On Chesil Beach
- Cover of UK hardback
- Author: Ian McEwan
- Cover artist: Chris Frazer Smith
- Genre: Fiction
- Publisher: Jonathan Cape
- Publication date: 2007
- Publication place: United Kingdom
- Media type: Print (hardback)
- Pages: 166
- ISBN: 0-224-08118-7
- OCLC: 76797966
- Dewey Decimal: 823.914

= On Chesil Beach =

2007 novella by Ian McEwan

On Chesil Beach is a 2007 novella by the British writer Ian McEwan. It was selected for the 2007 Booker Prize shortlist.

The Washington Post and Pulitzer Prize-winning book critic Jonathan Yardley placed On Chesil Beach on his top ten list for 2007, praising McEwan's writing and saying that "even when he's in a minor mode, as he is here, he is nothing short of amazing".

==Plot summary==
In July 1962, Edward Mayhew, a graduate student of history, and Florence Ponting, a violinist in a string quartet, are spending their honeymoon in a small hotel at Chesil Beach in Dorset. The two are very much in love despite being from drastically different backgrounds.

During the course of an evening, the couple reflect upon their upbringing and future prospects. Edward is sexually motivated and has a taste for rash behaviour. Florence is bound by the social code of another era and, perhaps having been sexually abused by her father, is terrified of sexual intimacy. She tries to prepare herself mentally for the inevitable consummation, but the thought continues to repel her.

Just as the couple are about to have sex for the first time the inexperienced Edward involuntarily ejaculates onto her belly and thighs. Revolted, Florence runs out of the hotel and onto the beach. Edward follows, and the couple argue, with Florence making it clear that she will never agree to have sex. Edward accuses her of lying during their marriage vows, and is further angered when Florence suggests that he could sleep with other women to relieve his sexual desires. The couple separate, and their marriage is annulled for lack of consummation.

A year after the annulment, ruminating on Florence's suggestion that he could sleep with other women, Edward realises that he no longer finds it to be insulting, though he remains unwilling to re-connect. Losing interest in writing history books, he becomes a shop manager. After his mother's death, he moves back to his childhood home to take care of his ailing father. Decades later, thinking back on his life, he recalls enjoying good relationships with his friends and family, and exploring other romances including a brief marriage with another woman, while acknowledging that he had never loved anyone as much as he loved Florence.

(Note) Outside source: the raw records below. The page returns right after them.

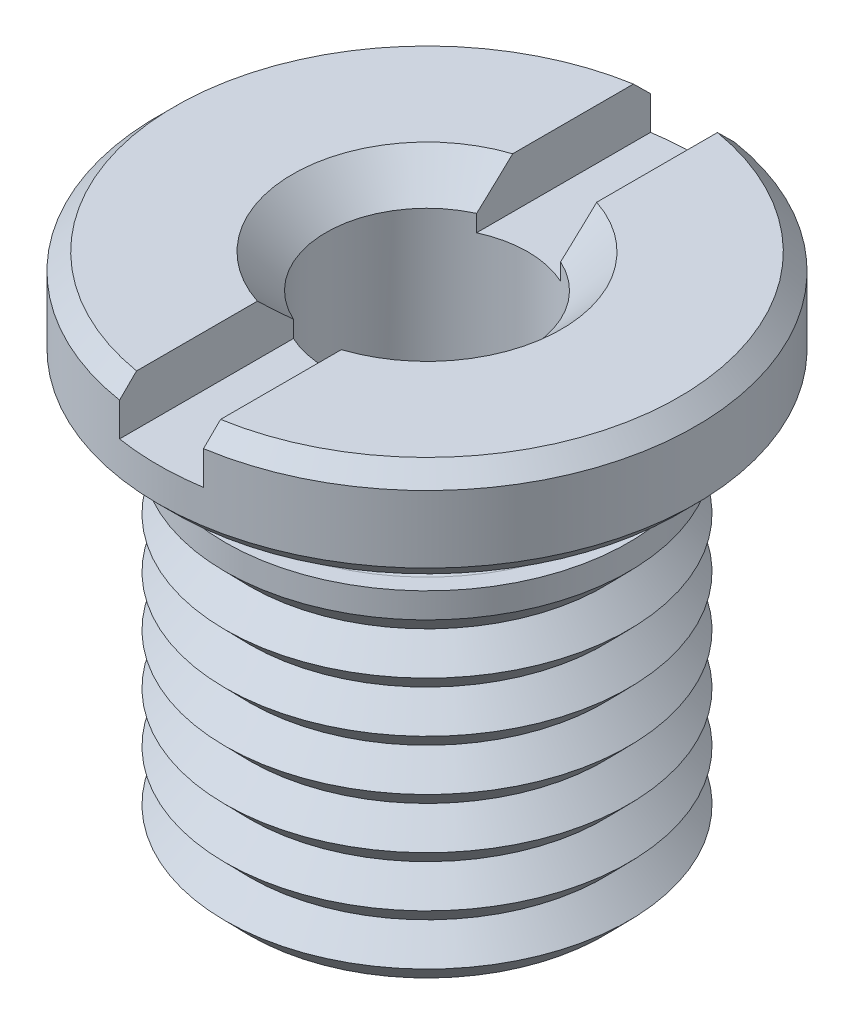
ISO-10303-21;
HEADER;
FILE_DESCRIPTION(('STEP AP214'),'2;1');
FILE_NAME('part.step','',(''),(''),'','','');
FILE_SCHEMA(('AUTOMOTIVE_DESIGN { 1 0 10303 214 1 1 1 1 }'));
ENDSEC;
DATA;
#1=APPLICATION_CONTEXT('core data for automotive mechanical design processes');
#2=APPLICATION_PROTOCOL_DEFINITION('international standard','automotive_design',2000,#1);
#3=PRODUCT_CONTEXT('',#1,'mechanical');
#4=PRODUCT('Part','Part','',(#3));
#5=PRODUCT_RELATED_PRODUCT_CATEGORY('part','',(#4));
#6=PRODUCT_DEFINITION_FORMATION('','',#4);
#7=PRODUCT_DEFINITION_CONTEXT('part definition',#1,'design');
#8=PRODUCT_DEFINITION('design','',#6,#7);
#9=PRODUCT_DEFINITION_SHAPE('','',#8);
#10=(LENGTH_UNIT() NAMED_UNIT(*) SI_UNIT(.MILLI.,.METRE.));
#11=(NAMED_UNIT(*) PLANE_ANGLE_UNIT() SI_UNIT($,.RADIAN.));
#12=(NAMED_UNIT(*) SI_UNIT($,.STERADIAN.) SOLID_ANGLE_UNIT());
#13=UNCERTAINTY_MEASURE_WITH_UNIT(LENGTH_MEASURE(1.E-05),#10,'distance_accuracy_value','');
#14=(GEOMETRIC_REPRESENTATION_CONTEXT(3) GLOBAL_UNCERTAINTY_ASSIGNED_CONTEXT((#13)) GLOBAL_UNIT_ASSIGNED_CONTEXT((#10,
#11,#12)) REPRESENTATION_CONTEXT('',''));
#15=CARTESIAN_POINT('',(0.,0.,0.));
#16=DIRECTION('',(0.,0.,1.));
#17=DIRECTION('',(1.,0.,0.));
#18=AXIS2_PLACEMENT_3D('',#15,#16,#17);
#19=CARTESIAN_POINT('',(0.,-9.02081528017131,0.));
#20=DIRECTION('',(0.,1.,0.));
#21=DIRECTION('',(0.,0.,1.));
#22=AXIS2_PLACEMENT_3D('',#19,#20,#21);
#23=CYLINDRICAL_SURFACE('',#22,4.25);
#24=CARTESIAN_POINT('',(0.,9.,0.));
#25=DIRECTION('',(0.,-1.,0.));
#26=DIRECTION('',(0.,0.,-1.));
#27=AXIS2_PLACEMENT_3D('',#24,#25,#26);
#28=CIRCLE('',#27,4.25);
#29=CARTESIAN_POINT('',(0.,9.,-4.25));
#30=VERTEX_POINT('',#29);
#31=EDGE_CURVE('E57',#30,#30,#28,.T.);
#32=ORIENTED_EDGE('',*,*,#31,.T.);
#33=EDGE_LOOP('',(#32));
#34=FACE_BOUND('',#33,.T.);
#35=CARTESIAN_POINT('',(0.,3.,0.));
#36=DIRECTION('',(0.,-1.,0.));
#37=DIRECTION('',(0.,0.,-1.));
#38=AXIS2_PLACEMENT_3D('',#35,#36,#37);
#39=CIRCLE('',#38,4.25);
#40=CARTESIAN_POINT('',(0.,3.,-4.25));
#41=VERTEX_POINT('',#40);
#42=EDGE_CURVE('E12',#41,#41,#39,.T.);
#43=ORIENTED_EDGE('',*,*,#42,.F.);
#44=EDGE_LOOP('',(#43));
#45=FACE_BOUND('',#44,.T.);
#46=ADVANCED_FACE('F49',(#34,#45),#23,.T.);
#47=CARTESIAN_POINT('',(0.,9.,0.));
#48=DIRECTION('',(0.,-1.,0.));
#49=DIRECTION('',(0.,0.,-1.));
#50=AXIS2_PLACEMENT_3D('',#47,#48,#49);
#51=PLANE('',#50);
#52=ORIENTED_EDGE('',*,*,#31,.F.);
#53=EDGE_LOOP('',(#52));
#54=FACE_BOUND('',#53,.T.);
#55=ADVANCED_FACE('F66',(#54),#51,.F.);
#56=CARTESIAN_POINT('',(0.,3.,0.));
#57=DIRECTION('',(0.,-1.,0.));
#58=DIRECTION('',(0.,0.,-1.));
#59=AXIS2_PLACEMENT_3D('',#56,#57,#58);
#60=PLANE('',#59);
#61=ORIENTED_EDGE('',*,*,#42,.T.);
#62=EDGE_LOOP('',(#61));
#63=FACE_BOUND('',#62,.T.);
#64=ADVANCED_FACE('F51',(#63),#60,.T.);
#65=CLOSED_SHELL('',(#46,#55,#64));
#66=MANIFOLD_SOLID_BREP('B2',#65);
#67=CARTESIAN_POINT('',(0.,2.5,0.));
#68=DIRECTION('',(0.,-1.,0.));
#69=DIRECTION('',(0.,0.,-1.));
#70=AXIS2_PLACEMENT_3D('',#67,#68,#69);
#71=PLANE('',#70);
#72=CARTESIAN_POINT('',(0.,2.5,0.));
#73=DIRECTION('',(0.,-1.,0.));
#74=DIRECTION('',(0.,0.,-1.));
#75=AXIS2_PLACEMENT_3D('',#72,#73,#74);
#76=CIRCLE('',#75,4.5);
#77=CARTESIAN_POINT('',(0.,2.5,-4.5));
#78=VERTEX_POINT('',#77);
#79=EDGE_CURVE('E48',#78,#78,#76,.T.);
#80=ORIENTED_EDGE('',*,*,#79,.T.);
#81=EDGE_LOOP('',(#80));
#82=FACE_BOUND('',#81,.T.);
#83=CARTESIAN_POINT('',(0.,2.5,0.));
#84=DIRECTION('',(0.,-1.,0.));
#85=DIRECTION('',(1.,0.,0.));
#86=AXIS2_PLACEMENT_3D('',#83,#84,#85);
#87=CIRCLE('',#86,3.5);
#88=CARTESIAN_POINT('',(3.5,2.5,0.));
#89=VERTEX_POINT('',#88);
#90=EDGE_CURVE('E117',#89,#89,#87,.T.);
#91=ORIENTED_EDGE('',*,*,#90,.F.);
#92=EDGE_LOOP('',(#91));
#93=FACE_BOUND('',#92,.T.);
#94=ADVANCED_FACE('F103',(#82,#93),#71,.T.);
#95=CARTESIAN_POINT('',(0.,3.,0.));
#96=DIRECTION('',(0.,-1.,0.));
#97=DIRECTION('',(0.,0.,-1.));
#98=AXIS2_PLACEMENT_3D('',#95,#96,#97);
#99=PLANE('',#98);
#100=CARTESIAN_POINT('',(0.,3.,0.));
#101=DIRECTION('',(0.,-1.,0.));
#102=DIRECTION('',(0.,0.,-1.));
#103=AXIS2_PLACEMENT_3D('',#100,#101,#102);
#104=CIRCLE('',#103,4.5);
#105=CARTESIAN_POINT('',(0.,3.,-4.5));
#106=VERTEX_POINT('',#105);
#107=EDGE_CURVE('E107',#106,#106,#104,.T.);
#108=ORIENTED_EDGE('',*,*,#107,.F.);
#109=EDGE_LOOP('',(#108));
#110=FACE_BOUND('',#109,.T.);
#111=CARTESIAN_POINT('',(0.,3.,0.));
#112=DIRECTION('',(0.,-1.,0.));
#113=DIRECTION('',(1.,0.,0.));
#114=AXIS2_PLACEMENT_3D('',#111,#112,#113);
#115=CIRCLE('',#114,3.5);
#116=CARTESIAN_POINT('',(3.5,3.,0.));
#117=VERTEX_POINT('',#116);
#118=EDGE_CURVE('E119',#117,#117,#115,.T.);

She, meanwhile, has been enjoying critical and commercial success with her string quartet. Edward does not attend any performance and avoids even reminders of it, unaware that Florence thinks of him after every performance. Edward chooses not to make contact, preferring to retain his early memories of her.

In his sixties, Edward recalls once again the night that he and Florence separated, wondering what could have been. He concludes that he and Florence would have enjoyed a loving and happy marriage, that Florence would have been beneficial to his career success, and that with love and patience he might have helped her to open up and enjoy sex. He muses that one's life can be changed by simply doing nothing: Florence had loved him deeply as she had walked away, and wanted nothing more than for him to call out so that she could turn back and reconcile. The novel ends with Edward remembering the sight of Florence walking away along the beach before disappearing from his sight.

==Pebbles==
In a BBC Radio 4 interview, McEwan admitted to taking a few pebbles from Chesil Beach and keeping them on his desk while he wrote the novel. Protests by conservationists and a threat by Weymouth and Portland borough council to fine him £2,000 led the author to return the pebbles. "I was not aware of having committed a crime," he said. "Chesil Beach is beautiful and I'm delighted to return the shingle to it."

==Booker Prize nomination==

After it was nominated for the Booker Prize in 2007, where its entry generated controversy over its length—at 166 pages and fewer than 40,000 words—even the author declared it to be a novella. In the end, the prize went to The Gathering.

==Film adaptation==

On 17 February 2016, it was announced that Saoirse Ronan, who previously played Briony Tallis in the film adaptation of McEwan's Atonement, would star in On Chesil Beach. On 22 August 2016, Billy Howle was announced to play the role of Edward Mayhew. Dominic Cooke would be making his film directorial debut. The film was released in May 2018.